The people in Menongue had a fair idea of what to expect if their town fell to Unita. (For the record, the Angolan government's army showed little respect for the Geneva Conventions when its forces executed scores of Unita fighters in the capital several years later). What I will never forget is the pure terror in the faces of those condemned to stay behind in Menongue while we flew out to safety. If the city fell it would be a long time before any outsider, journalist or human rights investigator would come to search for mass graves or torture chambers.

The most dangerous moments in the life of a siege are those first few hours after the entry of the victorious forces. In the flush of victory, and with hatred of the enemy and his civilian supporters (for that is how many soldiers will regard them), acts of cruelty can be rampant. Take a disciplined army and put it through weeks of laying siege and taking casualties, and commanders will have difficulty in imposing restraint. When you are dealing with forces for whom there is no tradition of adherence to the Geneva Conventions, forces who are actively encouraged to give "no quarter", massacre becomes inevitable. The men who currently encircle Kunduz will hardly know where the town of Geneva is located, let alone enjoy any familiarity with its famous protocols.

In fact, soldiers have refined the issue of survival down to a question of minutes. If a captured soldier can make it through the first 10 minutes in the hands of the enemy, he stands a fair chance of staying alive on a more permanent basis. In the terrible battles of the Pacific islands in the Second World War, the ferocity of the Japanese defence, and their brutal attitude towards prisoners, led to numerous examples of American troops shooting surrendering soldiers of the Imperial Army. The fact that many of the surrenders were false, a tactic now outlawed by the Geneva protocols, helped to harden US attitudes towards putative prisoners of war.

It took us until Bosnia and Rwanda to show any willingness to implement the Geneva protocols. Our governments were shamed into action. But there is now a greater awareness of humanitarian law and responsibilities than at any time in history. And, at Kunduz, there are cameras circling on the edges of the siege. The world will eventually discover what happens. The reported discovery of up to 600 bodies in Mazar-i-Sharif has already heightened the suspicions of the media and human rights investigators.

Also, the besieging army is acting as a partner of Western powers who have proclaimed loudly that they are fighting for universal values, not least among these the rule of law. That is why this siege is such a defining moment. I heard a television presenter ask the other night why men who showed no mercy to their opponents and who flew airliners into buildings should benefit from the Geneva Conventions. In other words, why not allow the lot of them to be killed? But don't forget that we granted a fair trial to the men accused of murdering six million Jews.
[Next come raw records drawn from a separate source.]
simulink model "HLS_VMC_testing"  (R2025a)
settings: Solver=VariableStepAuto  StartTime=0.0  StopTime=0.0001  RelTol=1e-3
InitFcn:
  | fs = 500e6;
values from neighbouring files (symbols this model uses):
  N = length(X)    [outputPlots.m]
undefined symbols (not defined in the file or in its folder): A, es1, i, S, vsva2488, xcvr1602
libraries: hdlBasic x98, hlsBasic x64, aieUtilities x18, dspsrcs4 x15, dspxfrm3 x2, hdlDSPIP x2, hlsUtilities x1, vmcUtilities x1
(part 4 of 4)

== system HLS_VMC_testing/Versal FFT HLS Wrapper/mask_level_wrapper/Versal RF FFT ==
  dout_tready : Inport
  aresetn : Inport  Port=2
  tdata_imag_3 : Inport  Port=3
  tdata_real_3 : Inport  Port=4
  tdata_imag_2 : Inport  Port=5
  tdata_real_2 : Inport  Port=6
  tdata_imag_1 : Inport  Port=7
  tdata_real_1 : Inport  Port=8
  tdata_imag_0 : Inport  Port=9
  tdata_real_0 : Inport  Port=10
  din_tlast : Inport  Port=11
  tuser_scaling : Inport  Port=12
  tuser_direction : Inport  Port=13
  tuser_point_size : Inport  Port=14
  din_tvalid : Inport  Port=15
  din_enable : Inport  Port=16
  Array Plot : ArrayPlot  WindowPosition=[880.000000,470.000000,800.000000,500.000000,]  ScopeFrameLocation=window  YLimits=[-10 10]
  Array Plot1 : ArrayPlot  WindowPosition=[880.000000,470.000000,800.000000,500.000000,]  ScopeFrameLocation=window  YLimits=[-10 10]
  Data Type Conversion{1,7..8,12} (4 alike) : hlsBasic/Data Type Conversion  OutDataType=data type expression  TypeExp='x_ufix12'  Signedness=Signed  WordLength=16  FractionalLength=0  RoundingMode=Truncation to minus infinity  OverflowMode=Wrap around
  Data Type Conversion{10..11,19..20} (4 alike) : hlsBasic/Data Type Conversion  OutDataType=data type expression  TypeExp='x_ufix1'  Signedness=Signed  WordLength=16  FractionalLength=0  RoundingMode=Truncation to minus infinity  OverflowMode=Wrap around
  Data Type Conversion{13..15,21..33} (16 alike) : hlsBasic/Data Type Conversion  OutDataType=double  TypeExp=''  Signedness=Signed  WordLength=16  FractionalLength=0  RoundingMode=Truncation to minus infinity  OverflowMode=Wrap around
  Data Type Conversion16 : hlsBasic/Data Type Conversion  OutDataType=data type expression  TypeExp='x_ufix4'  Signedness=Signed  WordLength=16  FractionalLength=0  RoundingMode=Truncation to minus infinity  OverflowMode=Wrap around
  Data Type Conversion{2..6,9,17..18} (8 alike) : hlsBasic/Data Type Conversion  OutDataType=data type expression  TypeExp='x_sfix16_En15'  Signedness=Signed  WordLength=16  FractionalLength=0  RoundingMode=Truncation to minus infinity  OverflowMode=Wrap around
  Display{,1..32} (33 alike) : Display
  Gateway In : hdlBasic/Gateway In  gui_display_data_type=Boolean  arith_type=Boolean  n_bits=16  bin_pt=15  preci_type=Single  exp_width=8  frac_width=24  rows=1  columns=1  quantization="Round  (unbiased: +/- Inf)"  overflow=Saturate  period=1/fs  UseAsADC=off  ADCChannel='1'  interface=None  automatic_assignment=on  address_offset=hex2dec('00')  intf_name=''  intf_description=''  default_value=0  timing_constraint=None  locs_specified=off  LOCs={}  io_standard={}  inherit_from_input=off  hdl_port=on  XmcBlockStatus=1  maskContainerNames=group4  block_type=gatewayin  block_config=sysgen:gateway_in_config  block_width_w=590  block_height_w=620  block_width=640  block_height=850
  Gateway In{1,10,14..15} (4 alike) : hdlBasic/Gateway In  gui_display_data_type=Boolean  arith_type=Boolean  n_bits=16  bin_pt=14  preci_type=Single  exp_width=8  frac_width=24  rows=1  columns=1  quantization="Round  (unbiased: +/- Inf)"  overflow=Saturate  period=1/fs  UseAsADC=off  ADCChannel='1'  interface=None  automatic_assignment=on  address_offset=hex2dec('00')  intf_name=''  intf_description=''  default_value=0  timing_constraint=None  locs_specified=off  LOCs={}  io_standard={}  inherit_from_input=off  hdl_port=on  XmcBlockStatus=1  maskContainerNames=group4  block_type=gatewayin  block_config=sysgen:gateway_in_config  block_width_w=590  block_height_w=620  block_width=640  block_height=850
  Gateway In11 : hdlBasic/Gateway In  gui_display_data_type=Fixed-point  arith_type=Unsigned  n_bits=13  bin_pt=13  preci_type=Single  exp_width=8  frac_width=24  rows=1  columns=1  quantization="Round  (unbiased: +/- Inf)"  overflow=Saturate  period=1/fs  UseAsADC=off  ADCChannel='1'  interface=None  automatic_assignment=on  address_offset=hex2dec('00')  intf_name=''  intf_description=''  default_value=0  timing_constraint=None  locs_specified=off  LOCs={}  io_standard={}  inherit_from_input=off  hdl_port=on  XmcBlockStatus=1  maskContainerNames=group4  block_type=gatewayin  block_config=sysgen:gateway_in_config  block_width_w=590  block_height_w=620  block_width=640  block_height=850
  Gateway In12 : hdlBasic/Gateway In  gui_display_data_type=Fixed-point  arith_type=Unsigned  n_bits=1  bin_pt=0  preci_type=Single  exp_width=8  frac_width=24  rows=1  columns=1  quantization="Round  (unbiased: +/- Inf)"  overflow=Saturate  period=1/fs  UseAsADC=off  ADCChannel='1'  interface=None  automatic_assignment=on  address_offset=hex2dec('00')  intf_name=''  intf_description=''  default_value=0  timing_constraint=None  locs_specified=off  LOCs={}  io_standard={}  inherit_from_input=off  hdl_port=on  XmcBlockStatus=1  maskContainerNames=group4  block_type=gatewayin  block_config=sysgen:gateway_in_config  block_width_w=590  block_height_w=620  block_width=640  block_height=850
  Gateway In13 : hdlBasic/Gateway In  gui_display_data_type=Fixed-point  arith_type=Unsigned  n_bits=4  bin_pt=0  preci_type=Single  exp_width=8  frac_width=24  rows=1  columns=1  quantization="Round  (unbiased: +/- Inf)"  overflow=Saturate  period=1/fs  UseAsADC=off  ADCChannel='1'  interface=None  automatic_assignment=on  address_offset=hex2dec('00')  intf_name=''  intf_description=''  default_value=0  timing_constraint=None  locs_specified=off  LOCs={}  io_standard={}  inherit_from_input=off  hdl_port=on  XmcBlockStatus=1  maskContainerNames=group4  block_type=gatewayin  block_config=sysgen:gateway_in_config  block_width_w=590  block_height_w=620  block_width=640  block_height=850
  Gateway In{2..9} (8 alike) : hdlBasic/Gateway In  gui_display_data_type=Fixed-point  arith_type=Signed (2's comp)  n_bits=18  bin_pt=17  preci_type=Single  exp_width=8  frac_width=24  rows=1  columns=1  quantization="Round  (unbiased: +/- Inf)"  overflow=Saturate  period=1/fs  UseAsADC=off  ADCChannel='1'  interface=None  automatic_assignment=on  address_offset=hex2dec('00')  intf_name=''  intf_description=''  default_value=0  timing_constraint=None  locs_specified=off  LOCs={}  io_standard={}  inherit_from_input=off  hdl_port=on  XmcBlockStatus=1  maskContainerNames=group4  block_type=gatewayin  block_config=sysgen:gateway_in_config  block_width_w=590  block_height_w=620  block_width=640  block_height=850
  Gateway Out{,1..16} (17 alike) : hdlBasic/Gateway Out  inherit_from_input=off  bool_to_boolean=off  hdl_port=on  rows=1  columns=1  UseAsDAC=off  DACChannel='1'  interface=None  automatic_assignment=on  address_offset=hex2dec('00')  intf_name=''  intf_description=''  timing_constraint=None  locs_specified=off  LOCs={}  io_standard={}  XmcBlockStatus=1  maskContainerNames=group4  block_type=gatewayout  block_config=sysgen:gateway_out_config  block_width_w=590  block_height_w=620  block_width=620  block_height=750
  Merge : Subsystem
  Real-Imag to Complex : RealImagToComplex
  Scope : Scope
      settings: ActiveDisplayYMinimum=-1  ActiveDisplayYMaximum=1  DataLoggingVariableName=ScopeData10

There were many who wanted the German leaders shot on sight, but humanity is undoubtedly the better off for having followed the process of law.

The simple answer is to recognise why we have the Geneva protocols in the first place. The specific protections arose out of the horrendous abuses inflicted by the Nazis and their Japanese allies. The protocols are a statement of our difference and, in that sense, transcend even the realm of law. They are documents of the human spirit, our best way forward out of genocide and barbarism.

The coalition must use whatever pressure it can to insist that the Northern Alliance does not embark on a rampage in Kunduz. It is, in the most fundamental sense imaginable, a choice about the kind of world in which we want to live.